WHAT TO PRODUCE: The lines to repeat are those below from the one containing "#222=CARTESIAN_POINT('',(0.,1318.91056024468,0.));" down to the one containing "#228=EDGE_CURVE('E55',#225,#227,#223,.T.);", both included; reproduce them exactly and nothing else.
————————
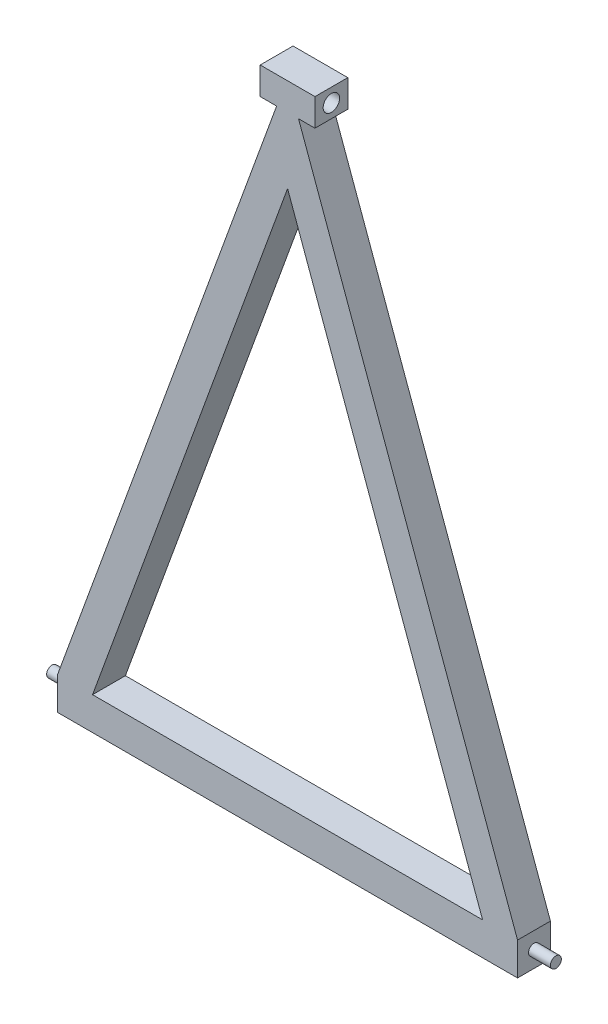
ISO-10303-21;
HEADER;
FILE_DESCRIPTION(('STEP AP214'),'2;1');
FILE_NAME('part.step','',(''),(''),'','','');
FILE_SCHEMA(('AUTOMOTIVE_DESIGN { 1 0 10303 214 1 1 1 1 }'));
ENDSEC;
DATA;
#1=APPLICATION_CONTEXT('core data for automotive mechanical design processes');
#2=APPLICATION_PROTOCOL_DEFINITION('international standard','automotive_design',2000,#1);
#3=PRODUCT_CONTEXT('',#1,'mechanical');
#4=PRODUCT('Part','Part','',(#3));
#5=PRODUCT_RELATED_PRODUCT_CATEGORY('part','',(#4));
#6=PRODUCT_DEFINITION_FORMATION('','',#4);
#7=PRODUCT_DEFINITION_CONTEXT('part definition',#1,'design');
#8=PRODUCT_DEFINITION('design','',#6,#7);
#9=PRODUCT_DEFINITION_SHAPE('','',#8);
#10=(LENGTH_UNIT() NAMED_UNIT(*) SI_UNIT(.MILLI.,.METRE.));
#11=(NAMED_UNIT(*) PLANE_ANGLE_UNIT() SI_UNIT($,.RADIAN.));
#12=(NAMED_UNIT(*) SI_UNIT($,.STERADIAN.) SOLID_ANGLE_UNIT());
#13=UNCERTAINTY_MEASURE_WITH_UNIT(LENGTH_MEASURE(1.E-05),#10,'distance_accuracy_value','');
#14=(GEOMETRIC_REPRESENTATION_CONTEXT(3) GLOBAL_UNCERTAINTY_ASSIGNED_CONTEXT((#13)) GLOBAL_UNIT_ASSIGNED_CONTEXT((#10,
#11,#12)) REPRESENTATION_CONTEXT('',''));
#15=CARTESIAN_POINT('',(0.,0.,0.));
#16=DIRECTION('',(0.,0.,1.));
#17=DIRECTION('',(1.,0.,0.));
#18=AXIS2_PLACEMENT_3D('',#15,#16,#17);
#19=CARTESIAN_POINT('',(0.,0.,76.2));
#20=DIRECTION('',(0.,0.,1.));
#21=DIRECTION('',(1.,0.,0.));
#22=AXIS2_PLACEMENT_3D('',#19,#20,#21);
#23=PLANE('',#22);
#24=DIRECTION('',(1.,0.,0.));
#25=VECTOR('',#24,1.);
#26=CARTESIAN_POINT('',(-533.4,0.,76.2));
#27=LINE('',#26,#25);
#28=CARTESIAN_POINT('',(-533.4,0.,76.2));
#29=VERTEX_POINT('',#28);
#30=CARTESIAN_POINT('',(533.4,0.,76.2));
#31=VERTEX_POINT('',#30);
#32=EDGE_CURVE('E156',#29,#31,#27,.T.);
#33=ORIENTED_EDGE('',*,*,#32,.T.);
#34=DIRECTION('',(0.,1.,0.));
#35=VECTOR('',#34,1.);
#36=CARTESIAN_POINT('',(533.4,0.,76.2));
#37=LINE('',#36,#35);
#38=CARTESIAN_POINT('',(533.4,76.2,76.2));
#39=VERTEX_POINT('',#38);
#40=EDGE_CURVE('E158',#31,#39,#37,.T.);
#41=ORIENTED_EDGE('',*,*,#40,.T.);
#42=DIRECTION('',(-0.342020143325666,0.939692620785909,0.));
#43=VECTOR('',#42,1.);
#44=CARTESIAN_POINT('',(533.4,76.2,76.2));
#45=LINE('',#44,#43);
#46=CARTESIAN_POINT('',(25.3999999999997,1471.91852908296,76.2));
#47=VERTEX_POINT('',#46);
#48=EDGE_CURVE('E161',#39,#47,#45,.T.);
#49=ORIENTED_EDGE('',*,*,#48,.T.);
#50=DIRECTION('',(1.,0.,0.));
#51=VECTOR('',#50,1.);
#52=CARTESIAN_POINT('',(25.3999999999997,1471.91852908296,76.2));
#53=LINE('',#52,#51);
#54=CARTESIAN_POINT('',(63.4999999999997,1471.91852908296,76.2));
#55=VERTEX_POINT('',#54);
#56=EDGE_CURVE('E163',#47,#55,#53,.T.);
#57=ORIENTED_EDGE('',*,*,#56,.T.);
#58=DIRECTION('',(0.,1.,0.));
#59=VECTOR('',#58,1.);
#60=CARTESIAN_POINT('',(63.4999999999997,1471.91852908296,76.2));
#61=LINE('',#60,#59);
#62=CARTESIAN_POINT('',(63.4999999999997,1535.41852908296,76.2));
#63=VERTEX_POINT('',#62);
#64=EDGE_CURVE('E165',#55,#63,#61,.T.);
#65=ORIENTED_EDGE('',*,*,#64,.T.);
#66=DIRECTION('',(-1.,0.,0.));
#67=VECTOR('',#66,1.);
#68=CARTESIAN_POINT('',(63.4999999999997,1535.41852908296,76.2));
#69=LINE('',#68,#67);
#70=CARTESIAN_POINT('',(-63.5000000000003,1535.41852908296,76.2));
#71=VERTEX_POINT('',#70);
#72=EDGE_CURVE('E167',#63,#71,#69,.T.);
#73=ORIENTED_EDGE('',*,*,#72,.T.);
#74=DIRECTION('',(0.,-1.,0.));
#75=VECTOR('',#74,1.);
#76=CARTESIAN_POINT('',(-63.5000000000003,1535.41852908296,76.2));
#77=LINE('',#76,#75);
#78=CARTESIAN_POINT('',(-63.5000000000003,1471.91852908296,76.2));
#79=VERTEX_POINT('',#78);
#80=EDGE_CURVE('E169',#71,#79,#77,.T.);
#81=ORIENTED_EDGE('',*,*,#80,.T.);
#82=DIRECTION('',(1.,0.,0.));
#83=VECTOR('',#82,1.);
#84=CARTESIAN_POINT('',(-63.5000000000003,1471.91852908296,76.2));
#85=LINE('',#84,#83);
#86=CARTESIAN_POINT('',(-25.4000000000003,1471.91852908296,76.2));
#87=VERTEX_POINT('',#86);
#88=EDGE_CURVE('E171',#79,#87,#85,.T.);
#89=ORIENTED_EDGE('',*,*,#88,.T.);
#90=DIRECTION('',(-0.342020143325666,-0.939692620785909,0.));
#91=VECTOR('',#90,1.);
#92=CARTESIAN_POINT('',(-25.4000000000003,1471.91852908296,76.2));
#93=LINE('',#92,#91);
#94=CARTESIAN_POINT('',(-533.4,76.2,76.2));
#95=VERTEX_POINT('',#94);
#96=EDGE_CURVE('E173',#87,#95,#93,.T.);
#97=ORIENTED_EDGE('',*,*,#96,.T.);
#98=DIRECTION('',(0.,-1.,0.));
#99=VECTOR('',#98,1.);
#100=CARTESIAN_POINT('',(-533.4,76.2,76.2));
#101=LINE('',#100,#99);
#102=EDGE_CURVE('E175',#95,#29,#101,.T.);
#103=ORIENTED_EDGE('',*,*,#102,.T.);
#104=EDGE_LOOP('',(#33,#41,#49,#57,#65,#73,#81,#89,#97,#103));
#105=FACE_BOUND('',#104,.T.);
#106=DIRECTION('',(1.,0.,0.));
#107=VECTOR('',#106,1.);
#108=CARTESIAN_POINT('',(-452.309653737336,76.2,76.2));
#109=LINE('',#108,#107);
#110=CARTESIAN_POINT('',(-452.309653737336,76.2,76.2));
#111=VERTEX_POINT('',#110);
#112=CARTESIAN_POINT('',(452.309653737336,76.2,76.2));
#113=VERTEX_POINT('',#112);
#114=EDGE_CURVE('E135',#111,#113,#109,.T.);
#115=ORIENTED_EDGE('',*,*,#114,.F.);
#116=DIRECTION('',(-0.342020143325666,-0.939692620785909,0.));
#117=VECTOR('',#116,1.);
#118=CARTESIAN_POINT('',(0.,1318.91056024468,76.2));
#119=LINE('',#118,#117);
#120=CARTESIAN_POINT('',(0.,1318.91056024468,76.2));
#121=VERTEX_POINT('',#120);
#122=EDGE_CURVE('E127',#121,#111,#119,.T.);
#123=ORIENTED_EDGE('',*,*,#122,.F.);
#124=DIRECTION('',(-0.342020143325666,0.939692620785909,0.));
#125=VECTOR('',#124,1.);
#126=CARTESIAN_POINT('',(452.309653737336,76.2,76.2));
#127=LINE('',#126,#125);
#128=EDGE_CURVE('E144',#113,#121,#127,.T.);
#129=ORIENTED_EDGE('',*,*,#128,.F.);
#130=EDGE_LOOP('',(#115,#123,#129));
#131=FACE_BOUND('',#130,.T.);
#132=ADVANCED_FACE('F32',(#105,#131),#23,.T.);
#133=CARTESIAN_POINT('',(0.,0.,0.));
#134=DIRECTION('',(0.,0.,1.));
#135=DIRECTION('',(1.,0.,0.));
#136=AXIS2_PLACEMENT_3D('',#133,#134,#135);
#137=PLANE('',#136);
#138=DIRECTION('',(1.,0.,0.));
#139=VECTOR('',#138,1.);
#140=CARTESIAN_POINT('',(0.,0.,0.));
#141=LINE('',#140,#139);
#142=CARTESIAN_POINT('',(-533.4,0.,0.));
#143=VERTEX_POINT('',#142);
#144=CARTESIAN_POINT('',(533.4,0.,0.));
#145=VERTEX_POINT('',#144);
#146=EDGE_CURVE('E142',#143,#145,#141,.T.);
#147=ORIENTED_EDGE('',*,*,#146,.F.);
#148=DIRECTION('',(0.,-1.,0.));
#149=VECTOR('',#148,1.);
#150=CARTESIAN_POINT('',(-533.4,76.2,0.));
#151=LINE('',#150,#149);
#152=CARTESIAN_POINT('',(-533.4,76.2,0.));
#153=VERTEX_POINT('',#152);
#154=EDGE_CURVE('E159',#153,#143,#151,.T.);
#155=ORIENTED_EDGE('',*,*,#154,.F.);
#156=DIRECTION('',(-0.342020143325666,-0.939692620785909,0.));
#157=VECTOR('',#156,1.);
#158=CARTESIAN_POINT('',(-25.4000000000003,1471.91852908296,0.));
#159=LINE('',#158,#157);
#160=CARTESIAN_POINT('',(-25.4000000000003,1471.91852908296,0.));
#161=VERTEX_POINT('',#160);
#162=EDGE_CURVE('E193',#161,#153,#159,.T.);
#163=ORIENTED_EDGE('',*,*,#162,.F.);
#164=DIRECTION('',(1.,0.,0.));
#165=VECTOR('',#164,1.);
#166=CARTESIAN_POINT('',(-63.5000000000003,1471.91852908296,0.));
#167=LINE('',#166,#165);
#168=CARTESIAN_POINT('',(-63.5000000000003,1471.91852908296,0.));
#169=VERTEX_POINT('',#168);
#170=EDGE_CURVE('E191',#169,#161,#167,.T.);
#171=ORIENTED_EDGE('',*,*,#170,.F.);
#172=DIRECTION('',(0.,-1.,0.));
#173=VECTOR('',#172,1.);
#174=CARTESIAN_POINT('',(-63.5000000000003,1535.41852908296,0.));
#175=LINE('',#174,#173);
#176=CARTESIAN_POINT('',(-63.5000000000003,1535.41852908296,0.));
#177=VERTEX_POINT('',#176);
#178=EDGE_CURVE('E189',#177,#169,#175,.T.);
#179=ORIENTED_EDGE('',*,*,#178,.F.);
#180=DIRECTION('',(-1.,0.,0.));
#181=VECTOR('',#180,1.);
#182=CARTESIAN_POINT('',(63.4999999999997,1535.41852908296,0.));
#183=LINE('',#182,#181);
#184=CARTESIAN_POINT('',(63.4999999999997,1535.41852908296,0.));
#185=VERTEX_POINT('',#184);
#186=EDGE_CURVE('E187',#185,#177,#183,.T.);
#187=ORIENTED_EDGE('',*,*,#186,.F.);
#188=DIRECTION('',(0.,1.,0.));
#189=VECTOR('',#188,1.);
#190=CARTESIAN_POINT('',(63.4999999999997,1471.91852908296,0.));
#191=LINE('',#190,#189);
#192=CARTESIAN_POINT('',(63.4999999999997,1471.91852908296,0.));
#193=VERTEX_POINT('',#192);
#194=EDGE_CURVE('E185',#193,#185,#191,.T.);
#195=ORIENTED_EDGE('',*,*,#194,.F.);
#196=DIRECTION('',(1.,0.,0.));
#197=VECTOR('',#196,1.);
#198=CARTESIAN_POINT('',(25.3999999999997,1471.91852908296,0.));
#199=LINE('',#198,#197);
#200=CARTESIAN_POINT('',(25.3999999999997,1471.91852908296,0.));
#201=VERTEX_POINT('',#200);
#202=EDGE_CURVE('E183',#201,#193,#199,.T.);
#203=ORIENTED_EDGE('',*,*,#202,.F.);
#204=DIRECTION('',(-0.342020143325666,0.939692620785909,0.));
#205=VECTOR('',#204,1.);
#206=CARTESIAN_POINT('',(533.4,76.2,0.));
#207=LINE('',#206,#205);
#208=CARTESIAN_POINT('',(533.4,76.2,0.));
#209=VERTEX_POINT('',#208);
#210=EDGE_CURVE('E181',#209,#201,#207,.T.);
#211=ORIENTED_EDGE('',*,*,#210,.F.);
#212=DIRECTION('',(0.,1.,0.));
#213=VECTOR('',#212,1.);
#214=CARTESIAN_POINT('',(533.4,0.,0.));
#215=LINE('',#214,#213);
#216=EDGE_CURVE('E179',#145,#209,#215,.T.);
#217=ORIENTED_EDGE('',*,*,#216,.F.);
#218=EDGE_LOOP('',(#147,#155,#163,#171,#179,#187,#195,#203,#211,#217));
#219=FACE_BOUND('',#218,.T.);
#220=DIRECTION('',(-0.342020143325666,-0.939692620785909,0.));
#221=VECTOR('',#220,1.);
#222=CARTESIAN_POINT('',(0.,1318.91056024468,0.));
#223=LINE('',#222,#221);
#224=CARTESIAN_POINT('',(1.66533453693773E-13,1318.91056024468,0.));
#225=VERTEX_POINT('',#224);
#226=CARTESIAN_POINT('',(-452.309653737336,76.2,0.));
#227=VERTEX_POINT('',#226);
#228=EDGE_CURVE('E55',#225,#227,#223,.T.);
#229=ORIENTED_EDGE('',*,*,#228,.T.);
#230=DIRECTION('',(1.,0.,0.));
#231=VECTOR('',#230,1.);
#232=CARTESIAN_POINT('',(-452.309653737336,76.2,0.));
#233=LINE('',#232,#231);
#234=CARTESIAN_POINT('',(452.309653737336,76.2,0.));
#235=VERTEX_POINT('',#234);
#236=EDGE_CURVE('E141',#227,#235,#233,.T.);
#237=ORIENTED_EDGE('',*,*,#236,.T.);
#238=DIRECTION('',(-0.342020143325666,0.939692620785909,0.));
#239=VECTOR('',#238,1.);
#240=CARTESIAN_POINT('',(452.309653737336,76.2,0.));
#241=LINE('',#240,#239);
#242=EDGE_CURVE('E136',#235,#225,#241,.T.);
#243=ORIENTED_EDGE('',*,*,#242,.T.);
#244=EDGE_LOOP('',(#229,#237,#243));
#245=FACE_BOUND('',#244,.T.);
#246=ADVANCED_FACE('F255',(#219,#245),#137,.F.);
#247=CARTESIAN_POINT('',(0.,0.,76.2));
#248=DIRECTION('',(0.,1.,0.));
#249=DIRECTION('',(0.,0.,1.));
#250=AXIS2_PLACEMENT_3D('',#247,#248,#249);
#251=PLANE('',#250);
#252=ORIENTED_EDGE('',*,*,#146,.T.);
#253=DIRECTION('',(0.,0.,-1.));
#254=VECTOR('',#253,1.);
#255=CARTESIAN_POINT('',(533.4,0.,76.2));
#256=LINE('',#255,#254);
#257=EDGE_CURVE('E223',#31,#145,#256,.T.);
#258=ORIENTED_EDGE('',*,*,#257,.F.);
#259=ORIENTED_EDGE('',*,*,#32,.F.);
#260=DIRECTION('',(0.,0.,-1.));
#261=VECTOR('',#260,1.);
#262=CARTESIAN_POINT('',(-533.4,0.,76.2));
#263=LINE('',#262,#261);
#264=EDGE_CURVE('E177',#29,#143,#263,.T.);
#265=ORIENTED_EDGE('',*,*,#264,.T.);
#266=EDGE_LOOP('',(#252,#258,#259,#265));
#267=FACE_BOUND('',#266,.T.);
#268=ADVANCED_FACE('F34',(#267),#251,.F.);
#269=CARTESIAN_POINT('',(533.4,0.,76.2));
#270=DIRECTION('',(-1.,0.,0.));
#271=DIRECTION('',(0.,0.,1.));
#272=AXIS2_PLACEMENT_3D('',#269,#270,#271);
#273=PLANE('',#272);
#274=CARTESIAN_POINT('',(533.4,38.1,38.1));
#275=DIRECTION('',(-1.,0.,0.));
#276=DIRECTION('',(0.,0.,1.));
#277=AXIS2_PLACEMENT_3D('',#274,#275,#276);
#278=CIRCLE('',#277,12.7);
#279=CARTESIAN_POINT('',(533.4,38.1,50.8));
#280=VERTEX_POINT('',#279);
#281=EDGE_CURVE('E11',#280,#280,#278,.F.);
#282=ORIENTED_EDGE('',*,*,#281,.F.);
#283=EDGE_LOOP('',(#282));
#284=FACE_BOUND('',#283,.T.);
#285=ORIENTED_EDGE('',*,*,#216,.T.);
#286=DIRECTION('',(0.,0.,-1.));
#287=VECTOR('',#286,1.);
#288=CARTESIAN_POINT('',(533.4,76.2,76.2));
#289=LINE('',#288,#287);
#290=EDGE_CURVE('E220',#39,#209,#289,.T.);
#291=ORIENTED_EDGE('',*,*,#290,.F.);
#292=ORIENTED_EDGE('',*,*,#40,.F.);
#293=ORIENTED_EDGE('',*,*,#257,.T.);
#294=EDGE_LOOP('',(#285,#291,#292,#293));
#295=FACE_BOUND('',#294,.T.);
#296=ADVANCED_FACE('F286',(#284,#295),#273,.F.);
#297=CARTESIAN_POINT('',(533.4,76.2,76.2));
#298=DIRECTION('',(-0.939692620785909,-0.342020143325666,0.));
#299=DIRECTION('',(0.342020143325666,-0.939692620785909,0.));
#300=AXIS2_PLACEMENT_3D('',#297,#298,#299);
#301=PLANE('',#300);
#302=ORIENTED_EDGE('',*,*,#210,.T.);
#303=DIRECTION('',(0.,0.,-1.));
#304=VECTOR('',#303,1.);
#305=CARTESIAN_POINT('',(25.3999999999997,1471.91852908296,76.2));
#306=LINE('',#305,#304);
#307=EDGE_CURVE('E217',#47,#201,#306,.T.);
#308=ORIENTED_EDGE('',*,*,#307,.F.);
#309=ORIENTED_EDGE('',*,*,#48,.F.);
#310=ORIENTED_EDGE('',*,*,#290,.T.);
#311=EDGE_LOOP('',(#302,#308,#309,#310));
#312=FACE_BOUND('',#311,.T.);
#313=ADVANCED_FACE('F283',(#312),#301,.F.);
#314=CARTESIAN_POINT('',(25.3999999999997,1471.91852908296,76.2));
#315=DIRECTION('',(0.,1.,0.));
#316=DIRECTION('',(-1.,0.,0.));
#317=AXIS2_PLACEMENT_3D('',#314,#315,#316);
#318=PLANE('',#317);
#319=ORIENTED_EDGE('',*,*,#202,.T.);
#320=DIRECTION('',(0.,0.,-1.));
#321=VECTOR('',#320,1.);
#322=CARTESIAN_POINT('',(63.4999999999997,1471.91852908296,76.2));
#323=LINE('',#322,#321);
#324=EDGE_CURVE('E214',#55,#193,#323,.T.);
#325=ORIENTED_EDGE('',*,*,#324,.F.);
#326=ORIENTED_EDGE('',*,*,#56,.F.);
#327=ORIENTED_EDGE('',*,*,#307,.T.);
#328=EDGE_LOOP('',(#319,#325,#326,#327));
#329=FACE_BOUND('',#328,.T.);
#330=ADVANCED_FACE('F279',(#329),#318,.F.);
#331=CARTESIAN_POINT('',(63.4999999999997,1471.91852908296,76.2));
#332=DIRECTION('',(-1.,0.,0.));
#333=DIRECTION('',(0.,0.,1.));
#334=AXIS2_PLACEMENT_3D('',#331,#332,#333);
#335=PLANE('',#334);
#336=CARTESIAN_POINT('',(63.4999999999997,1503.66852908296,38.1));
#337=DIRECTION('',(1.,0.,0.));
#338=DIRECTION('',(0.,0.,-1.));
#339=AXIS2_PLACEMENT_3D('',#336,#337,#338);
#340=CIRCLE('',#339,19.05);
#341=CARTESIAN_POINT('',(63.4999999999997,1503.66852908296,19.05));
#342=VERTEX_POINT('',#341);
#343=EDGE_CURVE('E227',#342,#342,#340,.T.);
————————
OUTPUT OF THE EXERCISE:
#222=CARTESIAN_POINT('',(0.,1318.91056024468,0.));
#223=LINE('',#222,#221);
#224=CARTESIAN_POINT('',(1.66533453693773E-13,1318.91056024468,0.));
#225=VERTEX_POINT('',#224);
#226=CARTESIAN_POINT('',(-452.309653737336,76.2,0.));
#227=VERTEX_POINT('',#226);
#228=EDGE_CURVE('E55',#225,#227,#223,.T.);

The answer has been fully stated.